- Origin: London, England
- Genres: Indie pop
- Years active: 2008–2012
- Label: Winter Hymns Records
- Members: Max Mansson Luke South Jonathan Rogers

= Air Castles =

British indie pop band

Air Castles was a British indie pop band, based in London, England, formed in 2008.

==History==
Air Castles started as the solo project of then 19-year-old Swedish-born singer-songwriter, Max Mansson. Produced by Magnus Lindberg of Cult Of Luna, the debut EP, Night and Day, was released later that year on Mansson's own label Winter Hymns Records. The Guardian described the release as "spirited, piano driven melancholia...well worth hearing". The music magazine, Rock Sound, labelled the debut effort "fantastic", and referred to it as "sublime crystalline indie ... that will appeal to fans of Jeniferever, Sigur Rós, Death Cab For Cutie and Band of Horses alike". Their track, "Broken Watches", was used in the DVS Skate & Create 2009 skateboard video, attracting a following on YouTube.

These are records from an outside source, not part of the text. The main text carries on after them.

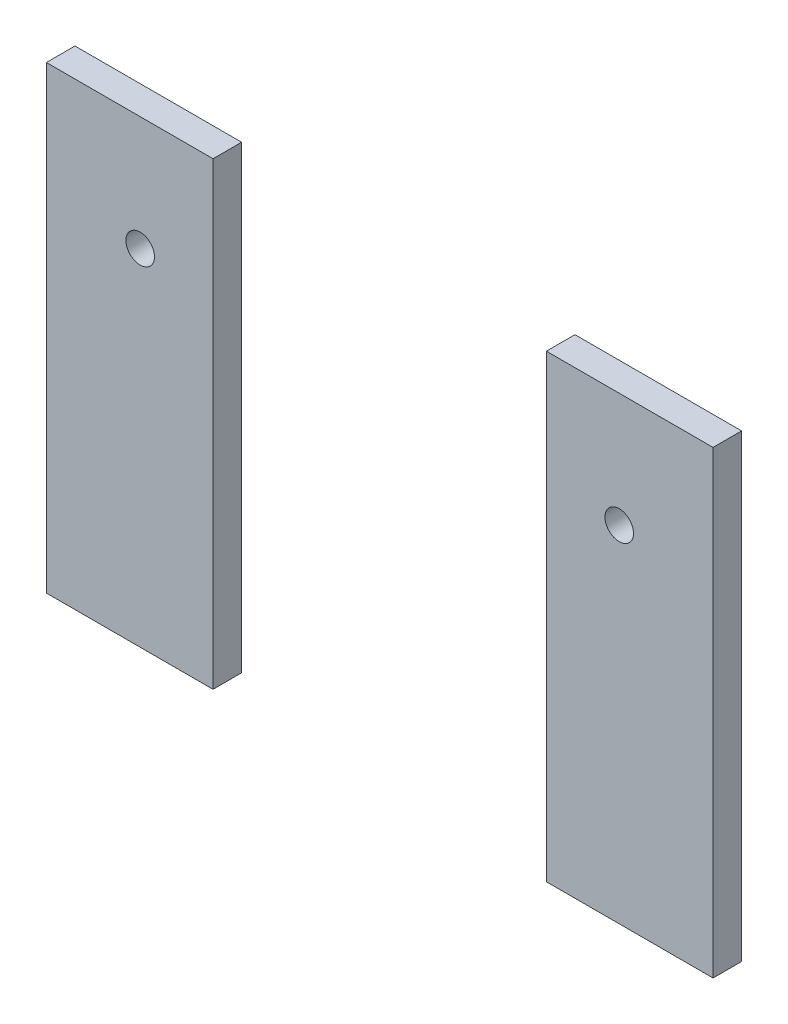
ISO-10303-21;
HEADER;
FILE_DESCRIPTION(('STEP AP214'),'2;1');
FILE_NAME('part.step','',(''),(''),'','','');
FILE_SCHEMA(('AUTOMOTIVE_DESIGN { 1 0 10303 214 1 1 1 1 }'));
ENDSEC;
DATA;
#1=APPLICATION_CONTEXT('core data for automotive mechanical design processes');
#2=APPLICATION_PROTOCOL_DEFINITION('international standard','automotive_design',2000,#1);
#3=PRODUCT_CONTEXT('',#1,'mechanical');
#4=PRODUCT('Part','Part','',(#3));
#5=PRODUCT_RELATED_PRODUCT_CATEGORY('part','',(#4));
#6=PRODUCT_DEFINITION_FORMATION('','',#4);
#7=PRODUCT_DEFINITION_CONTEXT('part definition',#1,'design');
#8=PRODUCT_DEFINITION('design','',#6,#7);
#9=PRODUCT_DEFINITION_SHAPE('','',#8);
#10=(LENGTH_UNIT() NAMED_UNIT(*) SI_UNIT(.MILLI.,.METRE.));
#11=(NAMED_UNIT(*) PLANE_ANGLE_UNIT() SI_UNIT($,.RADIAN.));
#12=(NAMED_UNIT(*) SI_UNIT($,.STERADIAN.) SOLID_ANGLE_UNIT());
#13=UNCERTAINTY_MEASURE_WITH_UNIT(LENGTH_MEASURE(1.E-05),#10,'distance_accuracy_value','');
#14=(GEOMETRIC_REPRESENTATION_CONTEXT(3) GLOBAL_UNCERTAINTY_ASSIGNED_CONTEXT((#13)) GLOBAL_UNIT_ASSIGNED_CONTEXT((#10,
#11,#12)) REPRESENTATION_CONTEXT('',''));
#15=CARTESIAN_POINT('',(0.,0.,0.));
#16=DIRECTION('',(0.,0.,1.));
#17=DIRECTION('',(1.,0.,0.));
#18=AXIS2_PLACEMENT_3D('',#15,#16,#17);
#19=CARTESIAN_POINT('',(70.,-102.5,6.));
#20=DIRECTION('',(0.,1.,0.));
#21=DIRECTION('',(0.,0.,1.));
#22=AXIS2_PLACEMENT_3D('',#19,#20,#21);
#23=PLANE('',#22);
#24=DIRECTION('',(1.,0.,0.));
#25=VECTOR('',#24,1.);
#26=CARTESIAN_POINT('',(70.,-102.5,0.));
#27=LINE('',#26,#25);
#28=CARTESIAN_POINT('',(-70.,-102.5,0.));
#29=VERTEX_POINT('',#28);
#30=CARTESIAN_POINT('',(-35.,-102.5,0.));
#31=VERTEX_POINT('',#30);
#32=EDGE_CURVE('E98',#29,#31,#27,.T.);
#33=ORIENTED_EDGE('',*,*,#32,.T.);
#34=DIRECTION('',(0.,0.,1.));
#35=VECTOR('',#34,1.);
#36=CARTESIAN_POINT('',(-35.,-102.5,6.));
#37=LINE('',#36,#35);
#38=CARTESIAN_POINT('',(-35.,-102.5,6.));
#39=VERTEX_POINT('',#38);
#40=EDGE_CURVE('E112',#31,#39,#37,.T.);
#41=ORIENTED_EDGE('',*,*,#40,.T.);
#42=DIRECTION('',(1.,0.,0.));
#43=VECTOR('',#42,1.);
#44=CARTESIAN_POINT('',(70.,-102.5,6.));
#45=LINE('',#44,#43);
#46=CARTESIAN_POINT('',(-70.,-102.5,6.));
#47=VERTEX_POINT('',#46);
#48=EDGE_CURVE('E108',#47,#39,#45,.T.);
#49=ORIENTED_EDGE('',*,*,#48,.F.);
#50=DIRECTION('',(0.,0.,-1.));
#51=VECTOR('',#50,1.);
#52=CARTESIAN_POINT('',(-70.,-102.5,6.));
#53=LINE('',#52,#51);
#54=EDGE_CURVE('E107',#47,#29,#53,.T.);
#55=ORIENTED_EDGE('',*,*,#54,.T.);
#56=EDGE_LOOP('',(#33,#41,#49,#55));
#57=FACE_BOUND('',#56,.T.);
#58=ADVANCED_FACE('F49',(#57),#23,.F.);
#59=CARTESIAN_POINT('',(0.,0.,6.));
#60=DIRECTION('',(0.,0.,1.));
#61=DIRECTION('',(1.,0.,0.));
#62=AXIS2_PLACEMENT_3D('',#59,#60,#61);
#63=PLANE('',#62);
#64=DIRECTION('',(1.,0.,0.));
#65=VECTOR('',#64,1.);
#66=CARTESIAN_POINT('',(-84.7170551939485,-6.,6.));
#67=LINE('',#66,#65);
#68=CARTESIAN_POINT('',(-70.,-6.,6.));
#69=VERTEX_POINT('',#68);
#70=CARTESIAN_POINT('',(-35.,-6.00000000000001,6.));
#71=VERTEX_POINT('',#70);
#72=EDGE_CURVE('E63',#69,#71,#67,.T.);
#73=ORIENTED_EDGE('',*,*,#72,.F.);
#74=DIRECTION('',(0.,-1.,0.));
#75=VECTOR('',#74,1.);
#76=CARTESIAN_POINT('',(-70.,-102.5,6.));
#77=LINE('',#76,#75);
#78=EDGE_CURVE('E86',#69,#47,#77,.T.);
#79=ORIENTED_EDGE('',*,*,#78,.T.);
#80=ORIENTED_EDGE('',*,*,#48,.T.);
#81=DIRECTION('',(0.,-1.,0.));
#82=VECTOR('',#81,1.);
#83=CARTESIAN_POINT('',(-35.,-117.2121885735,6.));
#84=LINE('',#83,#82);
#85=EDGE_CURVE('E56',#71,#39,#84,.T.);
#86=ORIENTED_EDGE('',*,*,#85,.F.);
#87=EDGE_LOOP('',(#73,#79,#80,#86));
#88=FACE_BOUND('',#87,.T.);
#89=CARTESIAN_POINT('',(-50.3,-30.,6.));
#90=DIRECTION('',(0.,0.,1.));
#91=DIRECTION('',(1.,0.,0.));
#92=AXIS2_PLACEMENT_3D('',#89,#90,#91);
#93=CIRCLE('',#92,3.);
#94=CARTESIAN_POINT('',(-47.3,-30.,6.));
#95=VERTEX_POINT('',#94);
#96=EDGE_CURVE('E115',#95,#95,#93,.T.);
#97=ORIENTED_EDGE('',*,*,#96,.F.);
#98=EDGE_LOOP('',(#97));
#99=FACE_BOUND('',#98,.T.);
#100=ADVANCED_FACE('F101',(#88,#99),#63,.T.);
#101=CARTESIAN_POINT('',(0.,0.,0.));
#102=DIRECTION('',(0.,0.,1.));
#103=DIRECTION('',(1.,0.,0.));
#104=AXIS2_PLACEMENT_3D('',#101,#102,#103);
#105=PLANE('',#104);
#106=CARTESIAN_POINT('',(-50.3,-30.,0.));
#107=DIRECTION('',(0.,0.,1.));
#108=DIRECTION('',(1.,0.,0.));
#109=AXIS2_PLACEMENT_3D('',#106,#107,#108);
#110=CIRCLE('',#109,3.);
#111=CARTESIAN_POINT('',(-47.3,-30.,0.));
#112=VERTEX_POINT('',#111);
#113=EDGE_CURVE('E110',#112,#112,#110,.T.);
#114=ORIENTED_EDGE('',*,*,#113,.T.);
#115=EDGE_LOOP('',(#114));
#116=FACE_BOUND('',#115,.T.);
#117=DIRECTION('',(0.,-1.,0.));
#118=VECTOR('',#117,1.);
#119=CARTESIAN_POINT('',(-70.,-102.5,0.));
#120=LINE('',#119,#118);
#121=CARTESIAN_POINT('',(-70.,-6.,0.));
#122=VERTEX_POINT('',#121);
#123=EDGE_CURVE('E117',#122,#29,#120,.T.);
#124=ORIENTED_EDGE('',*,*,#123,.F.);
#125=DIRECTION('',(1.,0.,0.));
#126=VECTOR('',#125,1.);
#127=CARTESIAN_POINT('',(0.,-6.,0.));
#128=LINE('',#127,#126);
#129=CARTESIAN_POINT('',(-35.,-6.00000000000001,0.));
#130=VERTEX_POINT('',#129);
#131=EDGE_CURVE('E90',#122,#130,#128,.T.);
#132=ORIENTED_EDGE('',*,*,#131,.T.);
#133=DIRECTION('',(0.,-1.,0.));
#134=VECTOR('',#133,1.);
#135=CARTESIAN_POINT('',(-35.,0.,0.));
#136=LINE('',#135,#134);
#137=EDGE_CURVE('E71',#130,#31,#136,.T.);
#138=ORIENTED_EDGE('',*,*,#137,.T.);
#139=ORIENTED_EDGE('',*,*,#32,.F.);
#140=EDGE_LOOP('',(#124,#132,#138,#139));
#141=FACE_BOUND('',#140,.T.);
#142=ADVANCED_FACE('F128',(#116,#141),#105,.F.);
#143=CARTESIAN_POINT('',(-70.,-102.5,6.));
#144=DIRECTION('',(1.,0.,0.));
#145=DIRECTION('',(0.,0.,-1.));
#146=AXIS2_PLACEMENT_3D('',#143,#144,#145);
#147=PLANE('',#146);
#148=ORIENTED_EDGE('',*,*,#78,.F.);
#149=DIRECTION('',(0.,0.,-1.));
#150=VECTOR('',#149,1.);
#151=CARTESIAN_POINT('',(-70.,-6.00000000000001,6.));
#152=LINE('',#151,#150);
#153=EDGE_CURVE('E94',#69,#122,#152,.T.);
#154=ORIENTED_EDGE('',*,*,#153,.T.);
#155=ORIENTED_EDGE('',*,*,#123,.T.);
#156=ORIENTED_EDGE('',*,*,#54,.F.);
#157=EDGE_LOOP('',(#148,#154,#155,#156));
#158=FACE_BOUND('',#157,.T.);
#159=ADVANCED_FACE('F105',(#158),#147,.F.);
#160=CARTESIAN_POINT('',(-50.3,-30.,-4.));
#161=DIRECTION('',(0.,0.,1.));
#162=DIRECTION('',(1.,0.,0.));
#163=AXIS2_PLACEMENT_3D('',#160,#161,#162);
#164=CYLINDRICAL_SURFACE('',#163,3.);
#165=ORIENTED_EDGE('',*,*,#96,.T.);
#166=EDGE_LOOP('',(#165));
#167=FACE_BOUND('',#166,.T.);
#168=ORIENTED_EDGE('',*,*,#113,.F.);
#169=EDGE_LOOP('',(#168));
#170=FACE_BOUND('',#169,.T.);
#171=ADVANCED_FACE('F133',(#167,#170),#164,.F.);
#172=CARTESIAN_POINT('',(-35.,-117.2121885735,-4.));
#173=DIRECTION('',(-1.,0.,0.));
#174=DIRECTION('',(0.,0.,1.));
#175=AXIS2_PLACEMENT_3D('',#172,#173,#174);
#176=PLANE('',#175);
#177=ORIENTED_EDGE('',*,*,#137,.F.);
#178=DIRECTION('',(0.,0.,1.));
#179=VECTOR('',#178,1.);
#180=CARTESIAN_POINT('',(-35.,-6.00000000000001,-4.));
#181=LINE('',#180,#179);
#182=EDGE_CURVE('E12',#130,#71,#181,.T.);
#183=ORIENTED_EDGE('',*,*,#182,.T.);
#184=ORIENTED_EDGE('',*,*,#85,.T.);
#185=ORIENTED_EDGE('',*,*,#40,.F.);
#186=EDGE_LOOP('',(#177,#183,#184,#185));
#187=FACE_BOUND('',#186,.T.);
#188=ADVANCED_FACE('F131',(#187),#176,.F.);
#189=CARTESIAN_POINT('',(-84.7170551939485,-6.,-4.));
#190=DIRECTION('',(0.,-1.,0.));
#191=DIRECTION('',(0.,0.,-1.));
#192=AXIS2_PLACEMENT_3D('',#189,#190,#191);
#193=PLANE('',#192);
#194=ORIENTED_EDGE('',*,*,#72,.T.);
#195=ORIENTED_EDGE('',*,*,#182,.F.);
#196=ORIENTED_EDGE('',*,*,#131,.F.);
#197=ORIENTED_EDGE('',*,*,#153,.F.);
#198=EDGE_LOOP('',(#194,#195,#196,#197));
#199=FACE_BOUND('',#198,.T.);
#200=ADVANCED_FACE('F95',(#199),#193,.F.);
#201=CLOSED_SHELL('',(#58,#100,#142,#159,#171,#188,#200));
#202=MANIFOLD_SOLID_BREP('B2',#201);
#203=CARTESIAN_POINT('',(70.,-102.5,6.));
#204=DIRECTION('',(-1.,0.,0.));
#205=DIRECTION('',(0.,0.,1.));
#206=AXIS2_PLACEMENT_3D('',#203,#204,#205);
#207=PLANE('',#206);
#208=DIRECTION('',(0.,1.,0.));
#209=VECTOR('',#208,1.);
#210=CARTESIAN_POINT('',(70.,-102.5,0.));
#211=LINE('',#210,#209);
#212=CARTESIAN_POINT('',(70.,-102.5,0.));
#213=VERTEX_POINT('',#212);
#214=CARTESIAN_POINT('',(70.,-6.,0.));
#215=VERTEX_POINT('',#214);
#216=EDGE_CURVE('E297',#213,#215,#211,.T.);
#217=ORIENTED_EDGE('',*,*,#216,.T.);
#218=DIRECTION('',(0.,0.,1.));
#219=VECTOR('',#218,1.);
#220=CARTESIAN_POINT('',(70.,-6.00000000000001,6.));
#221=LINE('',#220,#219);
#222=CARTESIAN_POINT('',(70.,-6.,6.));
#223=VERTEX_POINT('',#222);
#224=EDGE_CURVE('E253',#215,#223,#221,.T.);
#225=ORIENTED_EDGE('',*,*,#224,.T.);
#226=DIRECTION('',(0.,1.,0.));
#227=VECTOR('',#226,1.);
#228=CARTESIAN_POINT('',(70.,-102.5,6.));
#229=LINE('',#228,#227);
#230=CARTESIAN_POINT('',(70.,-102.5,6.));
#231=VERTEX_POINT('',#230);
#232=EDGE_CURVE('E246',#231,#223,#229,.T.);
#233=ORIENTED_EDGE('',*,*,#232,.F.);
#234=DIRECTION('',(0.,0.,-1.));
#235=VECTOR('',#234,1.);
#236=CARTESIAN_POINT('',(70.,-102.5,6.));
#237=LINE('',#236,#235);
#238=EDGE_CURVE('E293',#231,#213,#237,.T.);
#239=ORIENTED_EDGE('',*,*,#238,.T.);
#240=EDGE_LOOP('',(#217,#225,#233,#239));
#241=FACE_BOUND('',#240,.T.);
#242=ADVANCED_FACE('F195',(#241),#207,.F.);
#243=CARTESIAN_POINT('',(50.3,-30.,-4.));
#244=DIRECTION('',(0.,0.,1.));
#245=DIRECTION('',(1.,0.,0.));
#246=AXIS2_PLACEMENT_3D('',#243,#244,#245);
#247=CYLINDRICAL_SURFACE('',#246,3.);
#248=CARTESIAN_POINT('',(50.3,-30.,6.));
#249=DIRECTION('',(0.,0.,1.));
#250=DIRECTION('',(1.,0.,0.));
#251=AXIS2_PLACEMENT_3D('',#248,#249,#250);
#252=CIRCLE('',#251,3.);
#253=CARTESIAN_POINT('',(53.3,-30.,6.));
#254=VERTEX_POINT('',#253);
#255=EDGE_CURVE('E257',#254,#254,#252,.T.);
#256=ORIENTED_EDGE('',*,*,#255,.T.);
#257=EDGE_LOOP('',(#256));
#258=FACE_BOUND('',#257,.T.);
#259=CARTESIAN_POINT('',(50.3,-30.,0.));
#260=DIRECTION('',(0.,0.,1.));
#261=DIRECTION('',(1.,0.,0.));
#262=AXIS2_PLACEMENT_3D('',#259,#260,#261);
#263=CIRCLE('',#262,3.);
#264=CARTESIAN_POINT('',(53.3,-30.,0.));
#265=VERTEX_POINT('',#264);
#266=EDGE_CURVE('E266',#265,#265,#263,.T.);
#267=ORIENTED_EDGE('',*,*,#266,.F.);
#268=EDGE_LOOP('',(#267));
#269=FACE_BOUND('',#268,.T.);
#270=ADVANCED_FACE('F315',(#258,#269),#247,.F.);
#271=CARTESIAN_POINT('',(0.,0.,6.));
#272=DIRECTION('',(0.,0.,1.));
#273=DIRECTION('',(1.,0.,0.));
#274=AXIS2_PLACEMENT_3D('',#271,#272,#273);
#275=PLANE('',#274);
#276=DIRECTION('',(1.,0.,0.));
#277=VECTOR('',#276,1.);
#278=CARTESIAN_POINT('',(-84.7170551939485,-6.,6.));
#279=LINE('',#278,#277);
#280=CARTESIAN_POINT('',(35.,-6.,6.));
#281=VERTEX_POINT('',#280);
#282=EDGE_CURVE('E237',#281,#223,#279,.T.);
#283=ORIENTED_EDGE('',*,*,#282,.F.);
#284=DIRECTION('',(0.,1.,0.));
#285=VECTOR('',#284,1.);
#286=CARTESIAN_POINT('',(35.,-117.2121885735,6.));
#287=LINE('',#286,#285);
#288=CARTESIAN_POINT('',(35.,-102.5,6.));
#289=VERTEX_POINT('',#288);
#290=EDGE_CURVE('E244',#289,#281,#287,.T.);
#291=ORIENTED_EDGE('',*,*,#290,.F.);
#292=DIRECTION('',(1.,0.,0.));
#293=VECTOR('',#292,1.);
#294=CARTESIAN_POINT('',(70.,-102.5,6.));
#295=LINE('',#294,#293);
#296=EDGE_CURVE('E219',#289,#231,#295,.T.);
#297=ORIENTED_EDGE('',*,*,#296,.T.);
#298=ORIENTED_EDGE('',*,*,#232,.T.);
#299=EDGE_LOOP('',(#283,#291,#297,#298));
#300=FACE_BOUND('',#299,.T.);
#301=ORIENTED_EDGE('',*,*,#255,.F.);
#302=EDGE_LOOP('',(#301));
#303=FACE_BOUND('',#302,.T.);
#304=ADVANCED_FACE('F242',(#300,#303),#275,.T.);
#305=CARTESIAN_POINT('',(0.,0.,0.));
#306=DIRECTION('',(0.,0.,1.));
#307=DIRECTION('',(1.,0.,0.));
#308=AXIS2_PLACEMENT_3D('',#305,#306,#307);
#309=PLANE('',#308);
#310=ORIENTED_EDGE('',*,*,#266,.T.);
#311=EDGE_LOOP('',(#310));
#312=FACE_BOUND('',#311,.T.);
#313=DIRECTION('',(0.,1.,0.));
#314=VECTOR('',#313,1.);
#315=CARTESIAN_POINT('',(35.,0.,0.));
#316=LINE('',#315,#314);
#317=CARTESIAN_POINT('',(35.,-102.5,0.));
#318=VERTEX_POINT('',#317);
#319=CARTESIAN_POINT('',(35.,-6.00000000000001,0.));
#320=VERTEX_POINT('',#319);
#321=EDGE_CURVE('E204',#318,#320,#316,.T.);
#322=ORIENTED_EDGE('',*,*,#321,.T.);
#323=DIRECTION('',(1.,0.,0.));
#324=VECTOR('',#323,1.);
#325=CARTESIAN_POINT('',(0.,-6.,0.));
#326=LINE('',#325,#324);
#327=EDGE_CURVE('E211',#320,#215,#326,.T.);
#328=ORIENTED_EDGE('',*,*,#327,.T.);
#329=ORIENTED_EDGE('',*,*,#216,.F.);
#330=DIRECTION('',(1.,0.,0.));
#331=VECTOR('',#330,1.);
#332=CARTESIAN_POINT('',(70.,-102.5,0.));
#333=LINE('',#332,#331);
#334=EDGE_CURVE('E294',#318,#213,#333,.T.);
#335=ORIENTED_EDGE('',*,*,#334,.F.);
#336=EDGE_LOOP('',(#322,#328,#329,#335));
#337=FACE_BOUND('',#336,.T.);
#338=ADVANCED_FACE('F309',(#312,#337),#309,.F.);
#339=CARTESIAN_POINT('',(70.,-102.5,6.));
#340=DIRECTION('',(0.,1.,0.));
#341=DIRECTION('',(0.,0.,1.));
#342=AXIS2_PLACEMENT_3D('',#339,#340,#341);
#343=PLANE('',#342);
#344=ORIENTED_EDGE('',*,*,#296,.F.);
#345=DIRECTION('',(0.,0.,-1.));
#346=VECTOR('',#345,1.);
#347=CARTESIAN_POINT('',(35.,-102.5,6.));
#348=LINE('',#347,#346);
#349=EDGE_CURVE('E251',#289,#318,#348,.T.);
#350=ORIENTED_EDGE('',*,*,#349,.T.);
#351=ORIENTED_EDGE('',*,*,#334,.T.);
#352=ORIENTED_EDGE('',*,*,#238,.F.);
#353=EDGE_LOOP('',(#344,#350,#351,#352));
#354=FACE_BOUND('',#353,.T.);
#355=ADVANCED_FACE('F197',(#354),#343,.F.);
#356=CARTESIAN_POINT('',(35.,-117.2121885735,-4.));
#357=DIRECTION('',(1.,0.,0.));
#358=DIRECTION('',(0.,0.,-1.));
#359=AXIS2_PLACEMENT_3D('',#356,#357,#358);
#360=PLANE('',#359);
#361=ORIENTED_EDGE('',*,*,#290,.T.);
#362=DIRECTION('',(0.,0.,-1.));
#363=VECTOR('',#362,1.);
#364=CARTESIAN_POINT('',(35.,-6.00000000000001,-4.));
#365=LINE('',#364,#363);
#366=EDGE_CURVE('E47',#281,#320,#365,.T.);
#367=ORIENTED_EDGE('',*,*,#366,.T.);
#368=ORIENTED_EDGE('',*,*,#321,.F.);
#369=ORIENTED_EDGE('',*,*,#349,.F.);
#370=EDGE_LOOP('',(#361,#367,#368,#369));
#371=FACE_BOUND('',#370,.T.);
#372=ADVANCED_FACE('F249',(#371),#360,.F.);
#373=CARTESIAN_POINT('',(-84.7170551939485,-6.,-4.));
#374=DIRECTION('',(0.,-1.,0.));
#375=DIRECTION('',(0.,0.,-1.));
#376=AXIS2_PLACEMENT_3D('',#373,#374,#375);
#377=PLANE('',#376);
#378=ORIENTED_EDGE('',*,*,#327,.F.);
#379=ORIENTED_EDGE('',*,*,#366,.F.);
#380=ORIENTED_EDGE('',*,*,#282,.T.);
#381=ORIENTED_EDGE('',*,*,#224,.F.);
#382=EDGE_LOOP('',(#378,#379,#380,#381));
#383=FACE_BOUND('',#382,.T.);
#384=ADVANCED_FACE('F236',(#383),#377,.F.);
#385=CLOSED_SHELL('',(#242,#270,#304,#338,#355,#372,#384));
#386=MANIFOLD_SOLID_BREP('B6',#385);
#387=ADVANCED_BREP_SHAPE_REPRESENTATION('',(#18,#202,#386),#14);
#388=SHAPE_DEFINITION_REPRESENTATION(#9,#387);
ENDSEC;
END-ISO-10303-21;

Encouraged by the positive response to the EP, Mansson started writing new songs for an album, while establishing a live set-up together with Luke South and Jonathan Rogers, both of whom now form the band together with Mansson.

Air Castles have performed alongside Other Lives (band), Shout Out Louds, Peter Bjorn and John, Shearwater, The Pipettes, and toured Europe in 2011 with the Swedish indie pop band, Last Days of April. Air Castles performed at Glastonbury Festival in 2011, as one of the bands invited to play the BBC Introducing stage.

Their debut album, Lights, was recorded in 2010, and all instruments and vocals featured were performed by Mansson, apart from drums and percussion which were by Magnus Lindberg. The album was produced by Mansson and Lindberg, at Tonteknik Recording in Umeå, Sweden.

'Gold' is the first single to be taken from the album, and was released on 12 September 2011 on Winter Hymns Records.

Air Castles is on the roster of international artist booking agency Pitch & Smith, and Mansson signed a publishing contract in 2011 with Mars Music AB.